戦略3:たんぱく質を体重1kgあたり1.0〜1.2gは確保
水太り解消の盲点が「むくむからダイエット→ダイエットだからさらにむくむ」負のスパイラル。極端なカロリー制限はアルブミン合成を下げ、膠質浸透圧を低下させ、むくみを悪化させます。ダイエット中・運動量の多い方・高齢者は体重1kgあたり1.0〜1.2gを目安に。体重55kgの女性で1日55〜66gが目標値です。
- 朝食で20g以上:卵2個(12g)+納豆1パック(8g)+ヨーグルト100g(4g)

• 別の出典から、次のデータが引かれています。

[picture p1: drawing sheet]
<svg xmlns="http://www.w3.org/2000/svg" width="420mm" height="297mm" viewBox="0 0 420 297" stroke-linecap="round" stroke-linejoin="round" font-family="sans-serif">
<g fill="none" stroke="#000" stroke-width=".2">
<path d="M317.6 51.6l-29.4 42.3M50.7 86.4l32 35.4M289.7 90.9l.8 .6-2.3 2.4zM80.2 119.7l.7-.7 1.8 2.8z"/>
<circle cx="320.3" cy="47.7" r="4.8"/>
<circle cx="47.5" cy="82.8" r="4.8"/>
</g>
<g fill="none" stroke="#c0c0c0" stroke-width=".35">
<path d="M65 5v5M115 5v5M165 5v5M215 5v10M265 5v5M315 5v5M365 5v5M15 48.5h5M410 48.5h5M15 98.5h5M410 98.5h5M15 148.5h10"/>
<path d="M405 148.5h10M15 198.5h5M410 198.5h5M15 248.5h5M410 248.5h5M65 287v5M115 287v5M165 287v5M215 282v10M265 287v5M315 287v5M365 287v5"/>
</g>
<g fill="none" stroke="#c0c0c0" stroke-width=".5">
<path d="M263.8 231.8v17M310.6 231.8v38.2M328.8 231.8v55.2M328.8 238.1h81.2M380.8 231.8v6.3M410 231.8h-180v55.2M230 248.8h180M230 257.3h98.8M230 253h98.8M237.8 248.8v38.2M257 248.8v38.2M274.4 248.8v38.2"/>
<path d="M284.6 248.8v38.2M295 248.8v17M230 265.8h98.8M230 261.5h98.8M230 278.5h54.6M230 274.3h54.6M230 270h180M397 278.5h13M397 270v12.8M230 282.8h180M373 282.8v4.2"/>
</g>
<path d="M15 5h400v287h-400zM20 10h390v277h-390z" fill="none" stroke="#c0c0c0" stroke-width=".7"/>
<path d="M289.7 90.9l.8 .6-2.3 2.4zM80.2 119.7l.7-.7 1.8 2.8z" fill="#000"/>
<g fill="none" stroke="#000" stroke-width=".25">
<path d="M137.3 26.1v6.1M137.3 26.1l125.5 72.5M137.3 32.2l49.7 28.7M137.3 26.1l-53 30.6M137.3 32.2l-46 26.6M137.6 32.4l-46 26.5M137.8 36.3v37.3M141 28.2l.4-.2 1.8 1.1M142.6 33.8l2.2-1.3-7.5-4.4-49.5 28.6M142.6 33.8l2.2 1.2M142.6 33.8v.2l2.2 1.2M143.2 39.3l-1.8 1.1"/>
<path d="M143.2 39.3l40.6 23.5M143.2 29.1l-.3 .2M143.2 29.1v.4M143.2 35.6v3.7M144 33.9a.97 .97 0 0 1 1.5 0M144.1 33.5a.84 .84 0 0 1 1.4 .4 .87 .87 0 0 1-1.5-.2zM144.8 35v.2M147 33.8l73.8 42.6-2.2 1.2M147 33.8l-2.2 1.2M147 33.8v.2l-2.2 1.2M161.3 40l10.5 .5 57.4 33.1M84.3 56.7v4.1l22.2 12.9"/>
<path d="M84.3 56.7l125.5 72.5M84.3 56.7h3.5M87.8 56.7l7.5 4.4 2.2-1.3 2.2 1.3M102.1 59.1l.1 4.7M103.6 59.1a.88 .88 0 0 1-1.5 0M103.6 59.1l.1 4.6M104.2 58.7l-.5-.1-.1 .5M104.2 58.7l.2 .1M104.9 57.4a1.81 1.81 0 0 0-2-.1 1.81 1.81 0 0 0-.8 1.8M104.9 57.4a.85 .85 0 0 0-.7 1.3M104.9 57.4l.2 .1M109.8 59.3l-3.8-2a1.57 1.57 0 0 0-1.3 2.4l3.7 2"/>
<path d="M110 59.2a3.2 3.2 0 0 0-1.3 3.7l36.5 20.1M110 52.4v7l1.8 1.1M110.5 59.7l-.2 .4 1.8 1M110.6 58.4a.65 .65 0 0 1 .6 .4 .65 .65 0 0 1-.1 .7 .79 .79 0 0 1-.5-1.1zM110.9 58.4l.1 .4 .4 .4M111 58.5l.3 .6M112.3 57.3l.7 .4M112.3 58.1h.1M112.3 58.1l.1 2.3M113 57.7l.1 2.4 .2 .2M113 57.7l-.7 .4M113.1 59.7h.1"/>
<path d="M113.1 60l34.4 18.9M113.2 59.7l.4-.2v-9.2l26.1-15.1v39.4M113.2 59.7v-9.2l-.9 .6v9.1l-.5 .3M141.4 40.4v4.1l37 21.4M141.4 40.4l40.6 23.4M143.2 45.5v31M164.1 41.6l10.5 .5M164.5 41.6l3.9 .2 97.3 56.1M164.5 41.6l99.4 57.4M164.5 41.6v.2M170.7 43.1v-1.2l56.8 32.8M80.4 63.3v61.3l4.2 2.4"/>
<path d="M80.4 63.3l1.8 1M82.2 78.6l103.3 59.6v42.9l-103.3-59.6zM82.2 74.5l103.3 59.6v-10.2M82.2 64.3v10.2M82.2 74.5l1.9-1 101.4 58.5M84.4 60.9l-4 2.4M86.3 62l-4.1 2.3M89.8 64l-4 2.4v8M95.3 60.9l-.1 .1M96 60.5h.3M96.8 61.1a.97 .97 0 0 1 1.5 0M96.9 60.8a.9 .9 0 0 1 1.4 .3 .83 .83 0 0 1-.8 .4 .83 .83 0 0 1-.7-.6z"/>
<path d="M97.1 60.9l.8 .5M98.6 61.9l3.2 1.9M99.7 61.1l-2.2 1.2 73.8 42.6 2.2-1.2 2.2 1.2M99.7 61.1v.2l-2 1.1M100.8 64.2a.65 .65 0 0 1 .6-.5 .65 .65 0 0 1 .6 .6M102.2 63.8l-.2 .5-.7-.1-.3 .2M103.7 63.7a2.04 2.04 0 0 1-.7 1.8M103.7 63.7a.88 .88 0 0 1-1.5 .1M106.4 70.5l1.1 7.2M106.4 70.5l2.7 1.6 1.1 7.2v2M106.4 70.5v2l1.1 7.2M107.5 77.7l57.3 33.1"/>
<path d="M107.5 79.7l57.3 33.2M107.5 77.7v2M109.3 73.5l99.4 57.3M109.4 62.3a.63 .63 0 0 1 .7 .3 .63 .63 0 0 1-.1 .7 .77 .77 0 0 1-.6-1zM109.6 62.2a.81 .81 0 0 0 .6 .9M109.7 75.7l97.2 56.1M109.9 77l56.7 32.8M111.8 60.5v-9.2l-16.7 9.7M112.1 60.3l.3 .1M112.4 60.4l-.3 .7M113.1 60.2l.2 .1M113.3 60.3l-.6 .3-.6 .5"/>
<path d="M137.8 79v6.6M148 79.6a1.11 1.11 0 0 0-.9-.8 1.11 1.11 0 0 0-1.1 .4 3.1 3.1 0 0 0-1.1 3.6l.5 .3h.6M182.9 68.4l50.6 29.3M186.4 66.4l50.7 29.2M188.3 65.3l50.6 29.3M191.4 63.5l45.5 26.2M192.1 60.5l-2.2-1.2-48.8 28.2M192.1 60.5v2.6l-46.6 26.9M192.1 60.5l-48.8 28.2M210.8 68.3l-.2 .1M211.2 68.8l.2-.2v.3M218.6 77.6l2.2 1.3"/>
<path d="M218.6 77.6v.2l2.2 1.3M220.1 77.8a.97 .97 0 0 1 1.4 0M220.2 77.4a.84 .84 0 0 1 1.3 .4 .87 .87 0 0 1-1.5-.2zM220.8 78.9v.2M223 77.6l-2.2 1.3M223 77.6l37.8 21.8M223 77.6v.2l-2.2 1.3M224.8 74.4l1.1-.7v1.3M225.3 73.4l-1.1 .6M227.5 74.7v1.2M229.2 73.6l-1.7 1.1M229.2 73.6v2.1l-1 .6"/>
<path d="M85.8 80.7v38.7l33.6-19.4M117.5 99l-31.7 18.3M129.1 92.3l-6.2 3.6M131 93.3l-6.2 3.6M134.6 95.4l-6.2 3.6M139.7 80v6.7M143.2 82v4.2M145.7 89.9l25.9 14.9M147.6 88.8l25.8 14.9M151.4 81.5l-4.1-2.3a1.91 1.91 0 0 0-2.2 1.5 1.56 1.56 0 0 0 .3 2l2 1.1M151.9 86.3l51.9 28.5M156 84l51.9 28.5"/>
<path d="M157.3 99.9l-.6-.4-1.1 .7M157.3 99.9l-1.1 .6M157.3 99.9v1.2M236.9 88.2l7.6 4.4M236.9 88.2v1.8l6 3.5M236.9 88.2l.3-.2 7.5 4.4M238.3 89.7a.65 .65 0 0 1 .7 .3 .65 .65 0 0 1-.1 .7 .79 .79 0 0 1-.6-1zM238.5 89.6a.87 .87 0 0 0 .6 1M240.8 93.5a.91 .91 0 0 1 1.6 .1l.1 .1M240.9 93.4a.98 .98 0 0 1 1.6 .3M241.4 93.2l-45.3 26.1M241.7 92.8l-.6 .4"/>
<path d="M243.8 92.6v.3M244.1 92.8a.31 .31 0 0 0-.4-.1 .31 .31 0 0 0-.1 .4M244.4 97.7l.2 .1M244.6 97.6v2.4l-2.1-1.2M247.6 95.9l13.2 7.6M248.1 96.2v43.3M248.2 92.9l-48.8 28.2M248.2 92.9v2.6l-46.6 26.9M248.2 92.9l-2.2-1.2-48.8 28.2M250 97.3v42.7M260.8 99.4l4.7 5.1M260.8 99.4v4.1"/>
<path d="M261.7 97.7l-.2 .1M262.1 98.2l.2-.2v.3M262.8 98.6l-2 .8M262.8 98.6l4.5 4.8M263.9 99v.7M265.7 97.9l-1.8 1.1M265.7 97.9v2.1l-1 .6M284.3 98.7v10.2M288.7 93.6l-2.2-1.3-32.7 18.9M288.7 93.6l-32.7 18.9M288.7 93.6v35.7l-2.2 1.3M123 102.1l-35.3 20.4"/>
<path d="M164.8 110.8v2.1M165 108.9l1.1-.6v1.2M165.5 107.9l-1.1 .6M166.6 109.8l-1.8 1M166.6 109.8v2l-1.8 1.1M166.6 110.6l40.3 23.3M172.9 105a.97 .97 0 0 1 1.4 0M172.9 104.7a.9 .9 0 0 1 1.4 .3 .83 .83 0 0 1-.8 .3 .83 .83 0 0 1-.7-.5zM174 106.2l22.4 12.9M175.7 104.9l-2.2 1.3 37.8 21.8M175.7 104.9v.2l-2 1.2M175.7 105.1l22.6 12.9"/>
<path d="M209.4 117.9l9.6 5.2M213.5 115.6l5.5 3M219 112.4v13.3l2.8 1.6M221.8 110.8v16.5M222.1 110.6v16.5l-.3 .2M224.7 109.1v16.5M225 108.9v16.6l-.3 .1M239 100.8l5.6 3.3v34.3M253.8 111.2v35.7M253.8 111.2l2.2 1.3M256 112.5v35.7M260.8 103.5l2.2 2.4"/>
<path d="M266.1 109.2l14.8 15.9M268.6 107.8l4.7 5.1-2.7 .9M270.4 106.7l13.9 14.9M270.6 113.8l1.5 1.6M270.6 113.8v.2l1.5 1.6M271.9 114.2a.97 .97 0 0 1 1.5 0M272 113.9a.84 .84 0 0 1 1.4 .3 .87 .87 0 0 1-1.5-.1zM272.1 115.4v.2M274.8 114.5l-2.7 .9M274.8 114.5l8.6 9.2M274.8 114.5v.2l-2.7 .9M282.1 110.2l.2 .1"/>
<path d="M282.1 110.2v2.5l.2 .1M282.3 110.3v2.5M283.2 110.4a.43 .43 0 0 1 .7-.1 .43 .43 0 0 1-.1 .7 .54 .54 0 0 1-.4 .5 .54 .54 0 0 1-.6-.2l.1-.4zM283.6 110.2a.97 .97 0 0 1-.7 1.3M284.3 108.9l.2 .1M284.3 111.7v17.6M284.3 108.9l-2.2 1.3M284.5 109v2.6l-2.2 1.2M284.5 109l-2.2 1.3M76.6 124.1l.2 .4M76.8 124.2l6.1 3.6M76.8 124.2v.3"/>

- 昼食・夕食で各20〜25g:鶏むね肉100g(22g)、鮭一切れ(17g)、豆腐半丁(10g)
- 間食はゆで卵・無糖プロテイン・チーズで補強
- 動物性と植物性をバランスよく組み合わせる
戦略4:温める食材で陽気を補う
水滞は冷えと表裏一体です。陽気を補い末梢循環を改善する温性食材を積極的に取り入れることで、利水効果が増幅されます。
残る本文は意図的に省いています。